# Is it me or is it a very slow weekend with Lyft



## barzion (Mar 19, 2015)

I've been driving almost the whole day today and there hasn't been that much prime time going on for Lyft. Hopefully it'll pick up later when the clubbers come out.


----------



## BayArea Lyft Driver (Feb 26, 2015)

That's weird, Whenever I end up in San Francisco, I can't escape the pings.


----------



## jo5eph (Jul 14, 2014)

Orange county lyft can be slow at the same times uber is. Nothing out of the ordinary for me. In The areas i wait at, i see more of the uber drivers just hanging around while i am driving in and out picking up fares.


----------



## mizzrock (Jan 3, 2015)

BayArea Lyft Driver said:


> That's weird, Whenever I end up in San Francisco, I can't escape the pings.


I had pings back to back Sunday but not much prime time.


----------



## duggles (Aug 25, 2014)

My earnings in Denver have dropped 30% this last week. Now that the St Pattys period is over, and all the free ride promos have expired, and all the new drivers are sticking with Lyft because the rate is still 50 cents higher than Uber, there's no enough business to go around. Time between pings is longer, PT is less likely and more sporadic. Earnings are down. Tips, too. Used to get about 17% of total fares in tips, now with all the new Uber riders I'm down to 10%. It used to be 50-60% of rides tipped, now it's down to about 25%.


----------



## scrurbscrud (Sep 11, 2014)

duggles said:


> My earnings in Denver have dropped 30% this last week. Now that the St Pattys period is over, and all the free ride promos have expired, and all the new drivers are sticking with Lyft because the rate is still 50 cents higher than Uber, there's no enough business to go around. Time between pings is longer, PT is less likely and more sporadic. Earnings are down. Tips, too. Used to get about 17% of total fares in tips, now with all the new Uber riders I'm down to 10%. It used to be 50-60% of rides tipped, now it's down to about 25%.


I started complaining about that the first week they started the onboarding promo. My income started decreasing immediately and into week two, I took a break. I don't need to drive, fortunately. But would like to. Just not going to sit in my damn car for $12 an hour gross. Ain't worth it. And it's double the trouble for me in an SUV. Hard enough to come out with a bigger ride on the smaller fares. I need them pretty much non-stop to justify being available.

The amount of cars is starting to dwindle already as the driver hordes start to figure out none of them are making any money. Might take a month or so to get back to the regular drivers.

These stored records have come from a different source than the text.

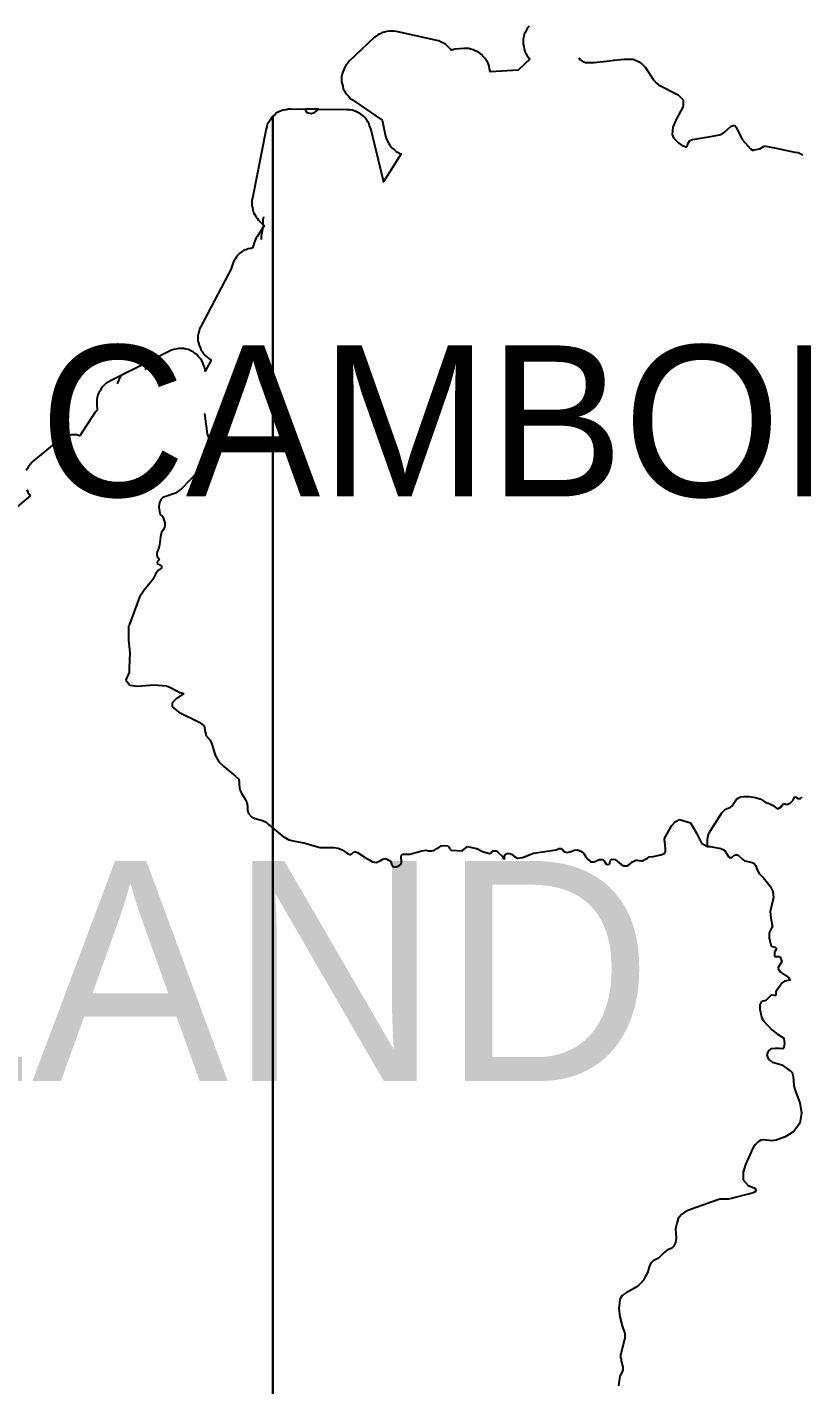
# Model space of a CAD drawing. Header units: metres. Extents: x 0 to 1325, y -1 to 773.
# Drawn here: x 1037.28 to 1051.36, y 323.47 to 348.15 of the extents above; entities that cross this region are included whole.
import ezdxf
from ezdxf.enums import TextEntityAlignment as Align

# ---------------------------------------------------------------- set-up
doc = ezdxf.new("R2010")
doc.units = ezdxf.units.M

msp = doc.modelspace()

# ---------------------------------------------------------------- linework, layer by layer
at = {"layer": 'CUT'}
for points in [[(1046.4, 348.168), (1046.37, 348.138), (1046.35, 348.098), (1046.33, 348.058), (1046.31, 348.018), (1046.3, 347.978), (1046.29, 347.928), (1046.29, 347.888), (1046.29, 347.838), (1046.3, 347.798), (1046.31, 347.748), (1046.32, 347.708), (1046.34, 347.668), (1046.36, 347.628), (1046.39, 347.598), (1046.41, 347.568), (1046.2, 347.368), (1045.69, 347.338), (1045.69, 347.348), (1045.68, 347.388), (1045.67, 347.438), (1045.66, 347.478), (1045.64, 347.518), (1045.62, 347.548), (1045.59, 347.588), (1045.56, 347.618), (1045.53, 347.648), (1045.5, 347.678), (1045.46, 347.698), (1045.42, 347.718), (1045.38, 347.738), (1045.34, 347.748), (1045.3, 347.758), (1045.26, 347.758), (1045.21, 347.758), (1045.05, 347.748), (1045.01, 347.738), (1044.98, 347.728), (1044.97, 347.748), (1044.94, 347.778), (1044.91, 347.808), (1044.88, 347.838), (1044.84, 347.858), (1044.8, 347.878), (1044.76, 347.898), (1044.72, 347.908), (1043.99, 348.068), (1043.94, 348.078), (1043.9, 348.078), (1043.86, 348.078), (1043.81, 348.068), (1043.77, 348.058), (1043.73, 348.048), (1043.69, 348.028), (1043.65, 348.008), (1043.61, 347.978), (1043.58, 347.958), (1043.13, 347.528), (1043.1, 347.488), (1043.07, 347.458), (1043.05, 347.418), (1043.03, 347.378), (1043.01, 347.338), (1043, 347.298), (1042.99, 347.248), (1042.99, 347.208), (1042.99, 347.158), (1043, 347.118), (1043.01, 347.078), (1043.02, 347.028), (1043.04, 346.988), (1043.06, 346.948), (1043.09, 346.918), (1043.12, 346.888), (1043.15, 346.848), (1043.19, 346.828), (1043.73, 346.458), (1043.79, 346.168), (1043.8, 346.128), (1043.82, 346.088), (1043.84, 346.048), (1043.86, 346.018), (1043.88, 345.978), (1043.91, 345.948), (1043.95, 345.918), (1043.98, 345.888), (1044.02, 345.868), (1044.06, 345.848), (1044.07, 345.848), (1043.75, 345.338), (1043.75, 345.358), (1043.52, 346.308), (1043.5, 346.348), (1043.49, 346.388), (1043.47, 346.428), (1043.44, 346.468), (1043.41, 346.508), (1043.38, 346.538), (1043.34, 346.568), (1043.3, 346.588), (1043.26, 346.608), (1043.22, 346.628), (1043.18, 346.638), (1043.13, 346.648), (1043.08, 346.648), (1042.06, 346.658), (1042.02, 346.658), (1041.98, 346.648), (1041.93, 346.638), (1041.89, 346.628), (1041.85, 346.608), (1041.81, 346.588), (1041.78, 346.558), (1041.74, 346.528), (1041.74, 200.068)], [(1041.74, 200.068), (1041.74, 346.528), (1041.71, 346.498), (1041.69, 346.458), (1041.66, 346.418), (1041.64, 346.378), (1041.63, 346.338), (1041.62, 346.298), (1041.37, 345.038), (1041.36, 344.998), (1041.36, 344.948), (1041.36, 344.908), (1041.37, 344.868), (1041.38, 344.828), (1041.39, 344.778), (1041.41, 344.748), (1041.43, 344.708), (1041.46, 344.668), (1041.48, 344.638), (1041.58, 344.538), (1041.46, 344.348), (1041.44, 344.318), (1041.42, 344.278), (1041.4, 344.228), (1041.39, 344.188), (1041.38, 344.148), (1041.38, 344.138), (1041.34, 344.128), (1041.29, 344.118), (1041.25, 344.098), (1041.21, 344.088), (1041.18, 344.058), (1041.14, 344.038), (1041.11, 344.008), (1041.08, 343.978), (1041.06, 343.938), (1041.03, 343.898), (1041.02, 343.868), (1041, 343.818), (1040.99, 343.778), (1040.99, 343.768), (1040.43, 342.708), (1040.41, 342.668), (1040.4, 342.628), (1040.39, 342.588), (1040.38, 342.538), (1040.38, 342.498), (1040.38, 342.448), (1040.39, 342.408), (1040.4, 342.368), (1040.42, 342.328), (1040.43, 342.288), (1040.46, 342.248), (1040.48, 342.208), (1040.51, 342.178), (1040.55, 342.148), (1040.58, 342.128), (1040.62, 342.098), (1040.51, 341.898), (1040.51, 341.918), (1040.5, 341.968), (1040.48, 342.008), (1040.47, 342.048), (1040.45, 342.088), (1040.42, 342.128), (1040.39, 342.158), (1040.36, 342.198), (1040.32, 342.218), (1040.29, 342.248), (1040.25, 342.268), (1040.21, 342.288), (1040.16, 342.298), (1040.12, 342.308), (1040.07, 342.308), (1040.03, 342.308), (1039.98, 342.298), (1039.94, 342.288), (1039.9, 342.278), (1039.86, 342.258), (1038.79, 341.718), (1038.75, 341.698), (1038.71, 341.678), (1038.68, 341.648), (1038.65, 341.618), (1038.62, 341.578), (1038.6, 341.538), (1038.58, 341.508), (1038.56, 341.468), (1038.55, 341.418), (1038.54, 341.378), (1038.54, 341.338), (1038.54, 341.288), (1038.55, 341.188), (1038.54, 341.178), (1038.51, 341.148), (1038.23, 340.718), (1038.21, 340.728), (1038.17, 340.738), (1038.13, 340.738), (1038.08, 340.738), (1038.04, 340.728), (1038, 340.718), (1037.96, 340.698), (1037.92, 340.688), (1037.88, 340.658), (1037.84, 340.638), (1037.39, 340.268), (1037.36, 340.238), (1037.33, 340.198), (1037.3, 340.168), (1037.28, 340.128), (1037.26, 340.088)], [(1037.27, 339.738), (1037.29, 339.698), (1037.31, 339.658), (1037.33, 339.628), (1037.06, 339.398)]]:
    msp.add_lwpolyline(points, dxfattribs=at)
at = {"layer": 'SCORE'}
for points in [[(1047.3, 347.588), (1047.32, 347.558)], [(1047.32, 347.558), (1047.36, 347.528)], [(1047.36, 347.528), (1047.42, 347.508)], [(1047.42, 347.508), (1047.58, 347.508)], [(1047.58, 347.508), (1047.86, 347.538)], [(1047.86, 347.538), (1047.94, 347.548)], [(1047.94, 347.548), (1048.13, 347.568)], [(1048.13, 347.568), (1048.29, 347.568)], [(1048.29, 347.568), (1048.42, 347.508)], [(1048.42, 347.508), (1048.51, 347.418)], [(1048.51, 347.418), (1048.66, 347.188)], [(1048.66, 347.188), (1048.71, 347.138)], [(1048.71, 347.138), (1048.75, 347.098)], [(1048.75, 347.098), (1049.11, 346.918)], [(1049.2, 346.708), (1049.07, 346.468)], [(1049.11, 346.918), (1049.2, 346.828)], [(1049.2, 346.828), (1049.2, 346.708)], [(1042.44, 346.578), (1042.5, 346.598), (1042.55, 346.638), (1042.57, 346.658), (1042.33, 346.658), (1042.33, 346.648), (1042.36, 346.598), (1042.44, 346.578)], [(1049.07, 346.468), (1049.01, 346.328)], [(1049.01, 346.328), (1049, 346.198)], [(1049, 346.198), (1049.02, 346.138)], [(1049.73, 346.168), (1049.89, 346.198)], [(1049.89, 346.198), (1049.95, 346.238)], [(1049.95, 346.238), (1050.07, 346.348)], [(1050.07, 346.348), (1050.13, 346.368)], [(1050.13, 346.368), (1050.16, 346.328)], [(1050.16, 346.328), (1050.27, 346.108)], [(1049.02, 346.138), (1049.07, 346.088)], [(1049.07, 346.088), (1049.1, 346.058)], [(1049.1, 346.058), (1049.12, 346.038)], [(1049.12, 346.038), (1049.16, 346.008)], [(1049.16, 346.008), (1049.25, 345.968)], [(1049.25, 345.968), (1049.27, 345.978)], [(1049.27, 345.978), (1049.28, 346.028)], [(1049.28, 346.028), (1049.32, 346.088)], [(1049.32, 346.088), (1049.37, 346.108)], [(1049.37, 346.108), (1049.73, 346.168)], [(1050.27, 346.108), (1050.42, 345.938)], [(1050.59, 345.938), (1050.67, 345.988)], [(1050.67, 345.988), (1050.7, 345.988)], [(1050.7, 345.988), (1050.89, 345.948)], [(1050.89, 345.948), (1051.23, 345.878)], [(1050.42, 345.938), (1050.47, 345.908)], [(1050.47, 345.908), (1050.49, 345.918)], [(1050.49, 345.918), (1050.59, 345.938)], [(1051.23, 345.878), (1051.29, 345.868)], [(1051.29, 345.868), (1051.37, 345.828)], [(1041.57, 344.698), (1041.56, 344.648), (1041.56, 344.558), (1041.58, 344.538), (1041.56, 344.508), (1041.53, 344.348), (1041.53, 344.288)], [(1039.42, 341.928), (1039.45, 341.968), (1039.51, 342.038), (1039.55, 342.098), (1039, 341.828), (1038.99, 341.818), (1038.96, 341.788)], [(1038.96, 341.788), (1038.91, 341.668)], [(1040.5, 341.128), (1040.55, 340.758)], [(1040.55, 340.758), (1040.57, 340.688)], [(1040.57, 340.688), (1040.61, 340.618)], [(1040.61, 340.618), (1040.7, 340.538)], [(1040.7, 340.538), (1040.73, 340.488)], [(1040.56, 340.298), (1040.51, 340.248)], [(1040.68, 340.358), (1040.56, 340.298)], [(1040.72, 340.408), (1040.68, 340.358)], [(1040.73, 340.448), (1040.72, 340.408)], [(1040.73, 340.488), (1040.73, 340.448)], [(1040.36, 340.048), (1040.08, 339.758)], [(1040.46, 340.098), (1040.36, 340.048)], [(1040.48, 340.118), (1040.46, 340.098)], [(1040.49, 340.158), (1040.48, 340.118)], [(1040.5, 340.218), (1040.49, 340.158)], [(1040.51, 340.248), (1040.5, 340.218)], [(1039.71, 339.568), (1039.68, 339.508)], [(1039.74, 339.598), (1039.71, 339.568)], [(1039.76, 339.608), (1039.74, 339.598)], [(1039.97, 339.678), (1039.76, 339.608)], [(1040.08, 339.758), (1039.97, 339.678)], [(1039.68, 339.508), (1039.67, 339.428)], [(1039.67, 339.428), (1039.68, 339.348)], [(1039.68, 339.348), (1039.69, 339.288)], [(1039.69, 339.288), (1039.74, 339.248)], [(1039.74, 339.248), (1039.78, 339.138)], [(1039.77, 339.048), (1039.76, 339.028)], [(1039.78, 339.098), (1039.77, 339.048)], [(1039.78, 339.138), (1039.78, 339.098)], [(1039.7, 338.888), (1039.68, 338.738)], [(1039.72, 338.968), (1039.7, 338.888)], [(1039.74, 338.998), (1039.72, 338.968)], [(1039.76, 339.028), (1039.74, 338.998)], [(1039.64, 338.618), (1039.63, 338.578)], [(1039.63, 338.578), (1039.63, 338.538)], [(1039.66, 338.658), (1039.64, 338.618)], [(1039.68, 338.738), (1039.66, 338.658)], [(1039.63, 338.538), (1039.67, 338.488)], [(1039.67, 338.458), (1039.64, 338.428)], [(1039.64, 338.428), (1039.64, 338.418)], [(1039.64, 338.418), (1039.64, 338.398)], [(1039.64, 338.398), (1039.66, 338.388)], [(1039.66, 338.388), (1039.69, 338.378)], [(1039.72, 338.318), (1039.66, 338.278)], [(1039.67, 338.488), (1039.68, 338.478)], [(1039.68, 338.478), (1039.67, 338.458)], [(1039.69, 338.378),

I pity anyone who relies on this gig to make a living. It's way too sporadic to count on.

And yes on the onboarding of cheap ex-Uber pax taking the free fare spree and not tipping.

I don't know why these companies continue to **** up a good thing. They couldn't run this business any worse. It's a ****ing comedy of errors.


----------



## duggles (Aug 25, 2014)

scrurbscrud said:


> I don't need to drive, fortunately. But would like to. Just not going to sit in my damn car for $12 an hour gross. Ain't worth it. And it's double the trouble for me in an SUV.
> 
> I don't know why these companies continue to **** up a good thing. They couldn't run this business any worse. It's a ****ing comedy of errors.


Sounds like we're nearly in the same boat. Also drive an SUV. Great for the winter storms. Not so great when I've got downtime between pings and have to drive longer distances to get away from too many cars. My average for my time on the road last week, after tips and cancels are factored in, was about $13/hr net. Just doesn't feel good, and it's not motivating like $20/hr net is.


----------



## scrurbscrud (Sep 11, 2014)

duggles said:


> Sounds like we're nearly in the same boat. Also drive an SUV. Great for the winter storms. Not so great when I've got downtime between pings and have to drive longer distances to get away from too many cars. My average for my time on the road last week, after tips and cancels are factored in, was about $13/hr net. Just doesn't feel good, and it's not motivating like $20/hr net is.


I ran into the same problems with Uber. About the time a full timer starts making acceptable money they onboard new drivers by the score and the amount of fares drops in half. Lyft is no better than Uber this way, and in fact many ways worse, because they are not as busy and they onboard not only new drivers, but all the Uber frustrated drivers in the process, which results in a far worse total fares position.

Lyft's most recent national onboarding scheme probably ****ed things up everywhere for Lyft drivers who were doing better prior. I don't know how this random flooding of drivers helps anyone. It's one of the most frustrating things in the biz. They have no business sense whatsoever, nor do they care. So I don't care either. **** it up all you please. Just don't count on me to cheerlead such pathetic business practices.

I'm actually considering going back to Uber for awhile to see if I can do better with the guarantees. Right now working guarantee hours, which I always work anyway when driving, is about $1000 gross a week. Between that and other hours running Lyft and Uber I can probably retrieve my gross fares back to the $1500 a week zone where I like to have it.


----------



## McGillicutty (Jan 12, 2015)

No matter where I am, I'm seeing pings from the same part of the city. I can be in the middle, 5min away, 15min away, 30min away and they still come from the same 2-3 areas of town. That tells me the demand curtailed after the free rides expired and the drivers who got their $1000 are back to Uber Vulture-ing the surges.


----------



## duggles (Aug 25, 2014)

Another over-saturated weekend of ride share. I'm not out there wasting my time... others are...


----------



## TeleSki (Dec 4, 2014)

I was off both my day and PM job today, so decided to drive. Had both Uber and Lyft apps on. I was hoping to get my first Lyft ride, but in 5 hours didn't get one in OC. I only did 5 Ubers, but had 2 good fares, which almost made it worthwhile.


----------